North Dakota, however, has not yet reached its wind energy potential. The state currently (2013) ranks third in wind energy development with wind farms in 20 counties of North Dakota. These wind farms produce about 1,424 megawatts of electricity, and the number of wind generators is growing rapidly. (See Document 6.)

Windmills
Image 20: These wind generators catch North Dakota’s abundant wind and turn it into electrical energy. Wind farms have been established in the windiest places in North Dakota. Much of the power generated is transmitted to power companies in other states. Courtesy, North Dakota Department of Tourism.

A wind farm is a place where dozens of wind generators are built. (See Image 20.) A wind energy company leases the land from the owner, usually a farmer. The size of the towers and the blades vary. The tower might be as much as 428 feet high. The huge blades vary in length from about 124 feet to about 160 feet. When the wind strikes the blades, they turn a rotor which is connected to a generator. All of this mechanical activity takes place in the housing at the top of the tower.

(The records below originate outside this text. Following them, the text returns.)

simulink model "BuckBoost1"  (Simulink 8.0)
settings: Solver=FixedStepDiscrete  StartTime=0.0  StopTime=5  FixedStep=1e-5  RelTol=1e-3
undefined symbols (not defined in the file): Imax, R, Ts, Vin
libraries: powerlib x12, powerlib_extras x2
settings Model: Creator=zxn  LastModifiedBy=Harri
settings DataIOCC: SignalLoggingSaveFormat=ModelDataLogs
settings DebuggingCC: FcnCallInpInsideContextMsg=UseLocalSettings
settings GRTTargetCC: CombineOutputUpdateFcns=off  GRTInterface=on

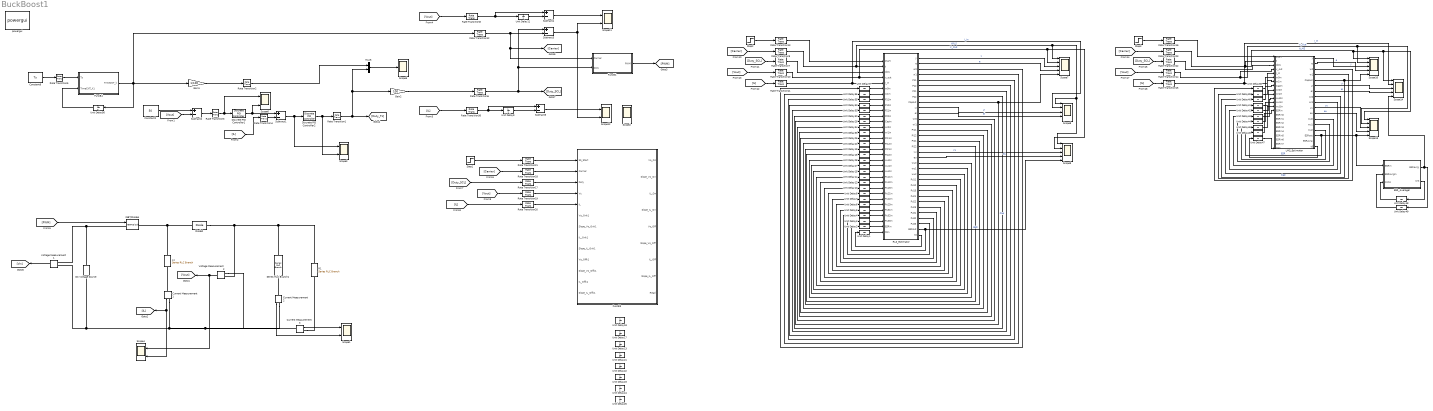
== system BuckBoost1 ==
  Constant2 : Constant  Value=50
  Constant6 : Constant  Value=Ts
  Current Measurement1 : powerlib/Measurements/Current Measurement  PhasorSimulation=off  OutputType=Complex  PSBequivalent=0
  Current Measurement2 : powerlib/Measurements/Current Measurement  PhasorSimulation=off  OutputType=Complex  PSBequivalent=0
  Current Measurement3 : powerlib/Measurements/Current Measurement  PhasorSimulation=off  OutputType=Complex  PSBequivalent=0
  DC Voltage Source : powerlib/Electrical Sources/DC Voltage Source  Amplitude=Vin  Measurements=None
  Diode2 : powerlib/Power Electronics/Diode  Ron=0.001  Lon=0  Vf=0.8  IC=0  UseSnubber=off  Rs=inf  Cs=inf  Measurements=off
  Discrete PID Controller1 : powerlib_extras/Discrete  Control Blocks/Discrete PID Controller  Kp=1.4  Ki=0.4  Kd=0  TcD=0  Par_Limits=[1 -1]*Imax  Init=0  Ts=Ts
  Discrete PID Controller2 : powerlib_extras/Discrete  Control Blocks/Discrete PID Controller  Kp=30e-3  Ki=50e-3  Kd=0  TcD=0  Par_Limits=[1 -1]*0.9  Init=0  Ts=Ts
  ESR_Averager : MATLAB Function  TreatAsAtomicUnit=on
  FuncB1 : MATLAB Function  TreatAsAtomicUnit=on
  FuncB3 : MATLAB Function  TreatAsAtomicUnit=on
  FuncB4 : MATLAB Function  TreatAsAtomicUnit=on
  Gain1 : Gain  Gain=1/100
  Gain2 : Gain  Gain=100
  IGBT/Diode4 : powerlib/Power Electronics/IGBT//Diode  Ron=1e-3  Rs=1e5  Cs=inf  Measurements=off
  L1 : powerlib/Elements/Series RLC Branch  LConnTagsString=__new0  RConnTagsString=__new0  BranchType=L  Resistance=1  Inductance=5e-3  SetiL0=off  InitialCurrent=0  Capacitance=1e-6  Setx0=off  InitialVoltage=0  Measurements=None
  LMS_Estimator : MATLAB Function  TreatAsAtomicUnit=on
  Mux5 : Mux  Inputs=2
  R1 : powerlib/Elements/Series RLC Branch  LConnTagsString=__new0  RConnTagsString=__new0  BranchType=R  Resistance=R  Inductance=1e-3  SetiL0=off  InitialCurrent=0  Capacitance=1e-6  Setx0=off  InitialVoltage=0  Measurements=None
  RLS_Estimator : MATLAB Function  TreatAsAtomicUnit=on
  Rate Transition{1..2,6..23,30} (21 alike) : RateTransition  OutPortSampleTime=1e-5
  Rate Transition3 : RateTransition  OutPortSampleTime=Ts
  Rate Transition4 : RateTransition  OutPortSampleTime=Ts
  Rate Transition5 : RateTransition  X0=Ts  OutPortSampleTime=1e-5
  Scope{1,3..4,6,11..12} (6 alike) : Scope  NumInputPorts=2
      Scope1 settings: TickLabels=on  TimeRange=10  YMin=210~0  YMax=320~47.5  SaveName=var1
      Scope11 settings: TickLabels=on  TimeRange=5  YMin=-0.06~-40  YMax=0.07~65  SaveName=var10  MaxDataPoints=1000000
      Scope12 settings: TickLabels=on  TimeRange=5  YMin=-0.011~-40  YMax=0.01~65  SaveName=var13  MaxDataPoints=1000000
      Scope3 settings: TickLabels=on  TimeRange=1.5  YMin=0.5~0  YMax=0.605~1  SaveName=var4
      Scope4 settings: TickLabels=on  YMin=41.5~2.4  YMax=50~4.3  SaveName=var
      Scope6 settings: TickLabels=on  TimeRange=1.5  YMin=0.5~0  YMax=0.605~1  SaveName=var2
  Scope{7..10,13..14} (6 alike) : Scope  NumInputPorts=5
      Scope10 settings: TickLabels=on  TimeRange=5  YMin=-0.011~-40~-5~-5~-5  YMax=0.01~65~5~5~5  SaveName=var9  MaxDataPoints=1000000
      Scope13 settings: TickLabels=on  TimeRange=5  YMin=-0.011~-40~-5~-5~-5  YMax=0.01~65~5~5~5  SaveName=var11  MaxDataPoints=1000000
      Scope14 settings: TickLabels=on  TimeRange=5  YMin=-0.011~-40~-5~-5~0  YMax=0.01~65~5~5~125  SaveName=var12  MaxDataPoints=1000000
      Scope7 settings: TickLabels=on  TimeRange=5  YMin=-0.011~-40~-5~-5~-5  YMax=0.01~65~5~5~5  SaveName=var6  MaxDataPoints=1000000
      Scope8 settings: TickLabels=on  TimeRange=5  YMin=-0.011~-40~-5~-5~-5  YMax=0.01~65~5~5~5  SaveName=var7  MaxDataPoints=1000000
      Scope9 settings: TickLabels=on  TimeRange=5  YMin=-0.011~-40~-5~-5~-5  YMax=0.01~65~5~5~5  SaveName=var8  MaxDataPoints=1000000
  Scope2 : Scope  NumInputPorts=4
      settings: TickLabels=on  TimeRange=5  YMin=-0.011~-40~-5~-5  YMax=0.01~65~5~5  SaveName=var3  MaxDataPoints=1000000
  Scope5 : Scope
      settings: TickLabels=on  TimeRange=1.5  YMin=0.5  YMax=0.605  SaveName=var5  MaxDataPoints=100000
  Series RLC Branch1 : powerlib/Elements/Series RLC Branch  LConnTagsString=__new0  RConnTagsString=__new0  BranchType=RC  Resistance=80e-3*1  Inductance=1e-3  SetiL0=off  InitialCurrent=0  Capacitance=1e-3*1.75  Setx0=off  InitialVoltage=500  Measurements=None
  Step1 : Step  Time=3.3  SampleTime=0
  Step2 : Step  Time=3.3  SampleTime=0
  Step3 : Step  Time=3.3  SampleTime=0
  Subtract1 : Sum  Inputs=+-  SampleTime=Ts
  Subtract{2..5} (4 alike) : Sum  Inputs=+-
  Unit Delay{1..2,4..6,8..13,15,17..25,27..29,31..34,36..49,56} (43 alike) : UnitDelay  SampleTime=1e-5
  Unit Delay{3,7,14,16,26,30,35} (7 alike) : UnitDelay  InitialCondition=100  SampleTime=1e-5
  Voltage Measurement1 : powerlib/Measurements/Voltage Measurement  PhasorSimulation=off  OutputType=Complex  PSBequivalent=0
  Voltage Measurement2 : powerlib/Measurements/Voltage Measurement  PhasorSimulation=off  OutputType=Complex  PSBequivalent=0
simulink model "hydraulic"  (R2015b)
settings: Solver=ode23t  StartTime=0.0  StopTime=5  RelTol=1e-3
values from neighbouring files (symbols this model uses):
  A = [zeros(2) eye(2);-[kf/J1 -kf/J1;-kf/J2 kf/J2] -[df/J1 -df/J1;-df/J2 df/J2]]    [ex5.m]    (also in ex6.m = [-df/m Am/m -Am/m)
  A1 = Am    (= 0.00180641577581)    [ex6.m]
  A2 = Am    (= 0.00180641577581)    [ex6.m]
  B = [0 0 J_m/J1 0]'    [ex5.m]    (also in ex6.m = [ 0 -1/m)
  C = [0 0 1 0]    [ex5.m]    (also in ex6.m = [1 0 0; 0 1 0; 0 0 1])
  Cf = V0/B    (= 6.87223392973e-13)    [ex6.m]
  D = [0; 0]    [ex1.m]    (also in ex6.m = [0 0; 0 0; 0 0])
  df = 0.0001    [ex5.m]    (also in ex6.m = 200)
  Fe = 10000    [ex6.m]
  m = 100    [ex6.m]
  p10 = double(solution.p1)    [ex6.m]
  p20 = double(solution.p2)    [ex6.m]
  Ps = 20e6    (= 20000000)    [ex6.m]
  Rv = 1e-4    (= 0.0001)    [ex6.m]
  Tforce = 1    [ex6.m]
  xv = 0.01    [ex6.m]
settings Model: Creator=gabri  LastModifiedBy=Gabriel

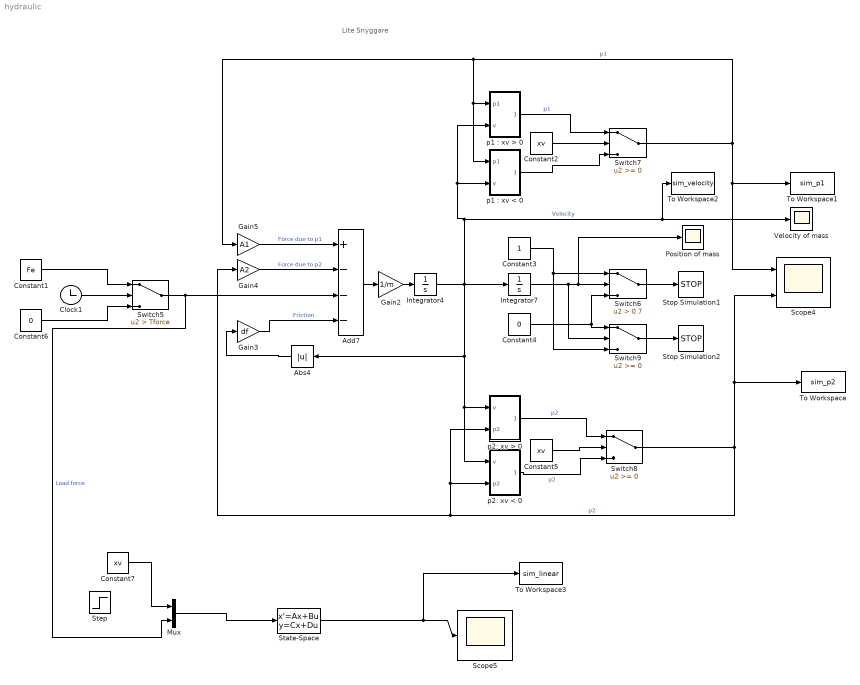
== system hydraulic ==
  note: Lite Snyggare
  Abs4 : Abs
  Add7 : Sum  Inputs=+---
  Clock1 : Clock
  Constant1 : Constant  Value=Fe
  Constant2 : Constant  Value=xv
  Constant3 : Constant
  Constant4 : Constant  Value=0
  Constant5 : Constant  Value=xv
  Constant6 : Constant  Value=0
  Constant7 : Constant  Value=xv
  Gain2 : Gain  Gain=1/m
  Gain3 : Gain  Gain=df
  Gain4 : Gain  Gain=A2
  Gain5 : Gain  Gain=A1
  Integrator4 : Integrator
  Integrator7 : Integrator
  Mux : Mux  Inputs=2
  Position of mass : Scope
  Scope4 : Scope  NumInputPorts=2
  Scope5 : Scope
  State-Space : StateSpace  A=A  B=B  C=C  D=D  X0=0
  Step : Step  Time=0  After=0.01  SampleTime=0
  Stop Simulation1 : Stop
  Stop Simulation2 : Stop
  Switch5 : Switch  Criteria=u2 > Threshold  Threshold=Tforce
  Switch6 : Switch  Criteria=u2 > Threshold  Threshold=0.7
  Switch7 : Switch
  Switch8 : Switch
  Switch9 : Switch
  To Workspace : ToWorkspace  VariableName=sim_p2  SaveFormat=Timeseries  SampleTime=-1
  To Workspace1 : ToWorkspace  VariableName=sim_p1  SaveFormat=Timeseries  SampleTime=-1
  To Workspace2 : ToWorkspace  VariableName=sim_velocity  SaveFormat=Timeseries  SampleTime=-1
  To Workspace3 : ToWorkspace  VariableName=sim_linear  SaveFormat=Timeseries  SampleTime=-1
  Velocity of mass : Scope
  "p1 : xv < 0" : Subsystem
  "p1 : xv > 0" : Subsystem
  p2: xv < 0 : Subsystem
  "p2: xv > 0 " : Subsystem
  wires:
  Clock1/1 -> Switch5/2
  Constant1/1 -> Switch5/1
  Gain4/1 -> Add7/2  "Force due to p2"
  Add7/1 -> Gain2/1
  Gain2/1 -> Integrator4/1
  Integrator4/1 -> Integrator7/1, "p1 : xv < 0"/2(v), "p1 : xv > 0"/2(v), To Workspace2/1, Velocity of mass/1, Abs4/1, "p2: xv > 0 "/1(v), p2: xv < 0/1(v)  "Velocity"
  Switch6/1 -> Stop Simulation1/1
  Constant3/1 -> Switch9/3, Switch6/1
  Constant4/1 -> Switch6/3, Switch9/1
  "p1 : xv > 0"/1(Out1) -> Switch7/1  "p1"
  "p1 : xv < 0"/1(Out1) -> Switch7/3
  Constant2/1 -> Switch7/2
  Switch7/1 -> "p1 : xv > 0"/1("p1 "), "p1 : xv < 0"/1(p1), Gain5/1, Scope4/1, To Workspace1/1  "p1"
  Constant5/1 -> Switch8/2
  Switch8/1 -> p2: xv < 0/2(p2), "p2: xv > 0 "/2(p2), Gain4/1, Scope4/2, To Workspace/1  "p2"
  p2: xv < 0/1(Out1) -> Switch8/3  "p2"
  "p2: xv > 0 "/1(Out1) -> Switch8/1  "p2"
  Gain3/1 -> Add7/4  "Friction"
  Integrator7/1 -> Switch9/2, Position of mass/1, Switch6/2
  Gain5/1 -> Add7/1  "Force due to p1"
  Switch9/1 -> Stop Simulation2/1
  Abs4/1 -> Gain3/1
  Constant6/1 -> Switch5/3
  Switch5/1 -> Mux/2, Add7/3  "Load force"
  State-Space/1 -> To Workspace3/1, Scope5/1
  Mux/1 -> State-Space/1
  Constant7/1 -> Mux/1

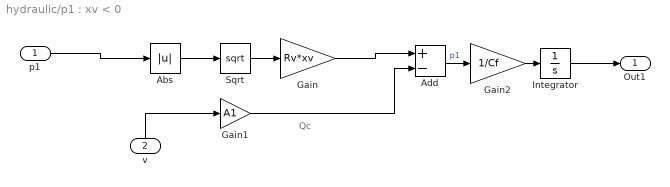
== system hydraulic/p1 : xv < 0 ==
  note: Qc
  p1 : Inport
  v : Inport  Port=2
  Abs : Abs
  Add : Sum  Inputs=+-
  Gain : Gain  Gain=Rv*xv
  Gain1 : Gain  Gain=A1
  Gain2 : Gain  Gain=1/Cf
  Integrator : Integrator
  Sqrt : Sqrt  SaturateOnIntegerOverflow=on
  Out1 : Outport
  wires:
  v/1 -> Gain1/1
  Gain1/1 -> Add/2
  Abs/1 -> Sqrt/1
  p1/1 -> Abs/1
  Add/1 -> Gain2/1  "p1"
  Gain2/1 -> Integrator/1
  Integrator/1 -> Out1/1
  Sqrt/1 -> Gain/1
  Gain/1 -> Add/1

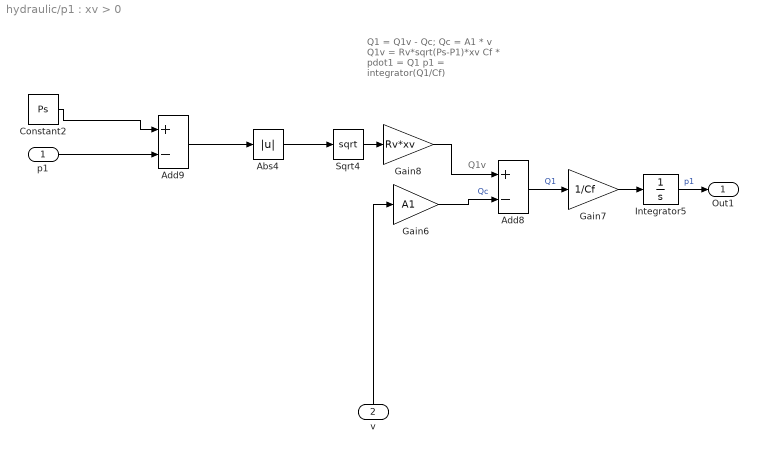
== system hydraulic/p1 : xv > 0 ==
  note: Q1v
  note: Q1 = Q1v - Qc;
      | Qc = A1 * v
      | Q1v = Rv*sqrt(Ps-P1)*xv
      | Cf * pdot1 = Q1
      | p1 = integrator(Q1/Cf)
  "p1 " : Inport
  v : Inport  Port=2
  Abs4 : Abs
  Add8 : Sum  Inputs=+-
  Add9 : Sum  Inputs=+-
  Constant2 : Constant  Value=Ps
  Gain6 : Gain  Gain=A1
  Gain7 : Gain  Gain=1/Cf
  Gain8 : Gain  Gain=Rv*xv
  Integrator5 : Integrator  InitialCondition=p10
  Sqrt4 : Sqrt  SaturateOnIntegerOverflow=on
  Out1 : Outport
  wires:
  Add9/1 -> Abs4/1
  Constant2/1 -> Add9/1
  Abs4/1 -> Sqrt4/1
  Gain7/1 -> Integrator5/1
  Gain6/1 -> Add8/2  "Qc"
  Integrator5/1 -> Out1/1  "p1"
  Add8/1 -> Gain7/1  "Q1"
  Sqrt4/1 -> Gain8/1
  Gain8/1 -> Add8/1
  v/1 -> Gain6/1
  "p1 "/1 -> Add9/2

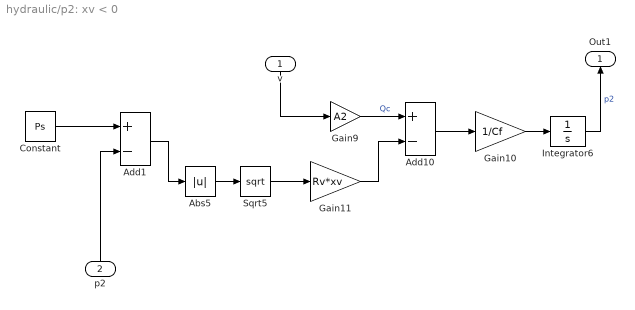
== system hydraulic/p2: xv < 0 ==
  v : Inport
  p2 : Inport  Port=2
  Abs5 : Abs
  Add1 : Sum  Inputs=+-
  Add10 : Sum  Inputs=+-
  Constant : Constant  Value=Ps
  Gain10 : Gain  Gain=1/Cf
  Gain11 : Gain  Gain=Rv*xv
  Gain9 : Gain  Gain=A2
  Integrator6 : Integrator
  Sqrt5 : Sqrt  SaturateOnIntegerOverflow=on
  Out1 : Outport
  wires:
  Abs5/1 -> Sqrt5/1
  Gain9/1 -> Add10/1  "Qc"
  Sqrt5/1 -> Gain11/1
  Gain10/1 -> Integrator6/1
  Add10/1 -> Gain10/1
  Integrator6/1 -> Out1/1  "p2"
  v/1 -> Gain9/1
  p2/1 -> Add1/2
  Add1/1 -> Abs5/1
  Constant/1 -> Add1/1
  Gain11/1 -> Add10/2

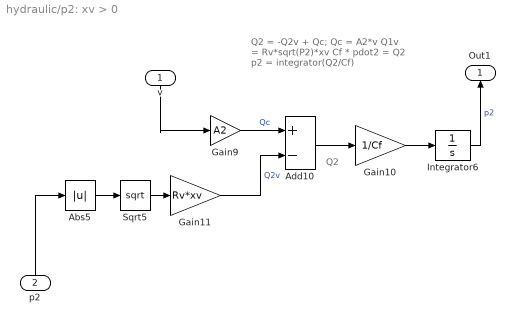
== system hydraulic/p2: xv > 0  ==
  note: Q2
  note: Q2 = -Q2v + Qc;
      | Qc = A2*v
      | Q1v = Rv*sqrt(P2)*xv
      | Cf * pdot2 = Q2
      | p2 = integrator(Q2/Cf)
  v : Inport
  p2 : Inport  Port=2
  Abs5 : Abs
  Add10 : Sum  Inputs=+-
  Gain10 : Gain  Gain=1/Cf
  Gain11 : Gain  Gain=Rv*xv
  Gain9 : Gain  Gain=A2
  Integrator6 : Integrator  InitialCondition=p20
  Sqrt5 : Sqrt  SaturateOnIntegerOverflow=on
  Out1 : Outport
  wires:
  p2/1 -> Abs5/1
  v/1 -> Gain9/1
  Integrator6/1 -> Out1/1  "p2"
  Add10/1 -> Gain10/1
  Gain10/1 -> Integrator6/1
  Sqrt5/1 -> Gain11/1
  Gain11/1 -> Add10/2  "Q2v"
  Gain9/1 -> Add10/1  "Qc"
  Abs5/1 -> Sqrt5/1

Though wind energy is a clean and renewable form of energy, there are some controversial aspects. Some people live in the shadow of a wind farm and object to the constantly moving shadows that play along the walls in their houses whenever the wind blows. Some people consider the wind towers ugly and would rather not see them dotting the landscape.

2013-P-017-0658
Image 21: Wind farms produce renewable energy, but there is concern about their impact on wildlife, especially migrating birds. The whooping crane is an endangered bird that migrates through North Dakota with flocks of sandhill cranes. Basin Electric Cooperative employees are trained to watch for sandhill cranes approach a wind farm. If they come near to the generators, the field will be shut down until the birds move on. SHSND 2013-P-017-0658.

Another problem is bird strikes. Biologists have been concerned that migrating birds might fly into the blades. The wind farms of North Dakota coincide with the Central Flyway where migrating birds fly every spring and fall. The figures available on bird deaths in the U.S. due to wind farms are not reliable, but a recent scientific study sets the number of bird deaths between 140,000 and 330,000 each year. This includes all species of both migrating and resident birds.

Great concern about birds is directed to whooping cranes. (See Image 21.) These endangered birds are spotted in North Dakota every year migrating with sandhill cranes. Basin Electric Cooperative employs people to keep watch for whooping cranes at its windfarms. If spotters see whooping cranes, the cooperative will shut down the wind farm until the birds have passed. Basin reports that, so far, no whooping cranes have been sighted near the wind farms.

Another concern is for the safety of bats. Biologists have had a hard time understanding why so many bats are killed by wind generators. The current theory is that the bats do not fly into the blades, but are killed by air pressure changes that occur when air flows over the blades. Scientists have found that bats do not like to fly in high winds. If the blades are set to start operating when the wind reaches 12.3 miles per hour instead of the usual 9 miles per hour, bat deaths can be reduced by 93 per cent. There is only a slight loss in electricity generated. Much more research needs to be done to make sure that wind energy is safe for birds and bats.

Why is this important?Wind is growing in importance as a source of renewable energy. North Dakota has enormous reserves of coal and oil that will last for hundreds of years, but wind will be with us forever. As wind technology becomes more efficient and economical, a larger portion of our nation’s energy supply will come from wind.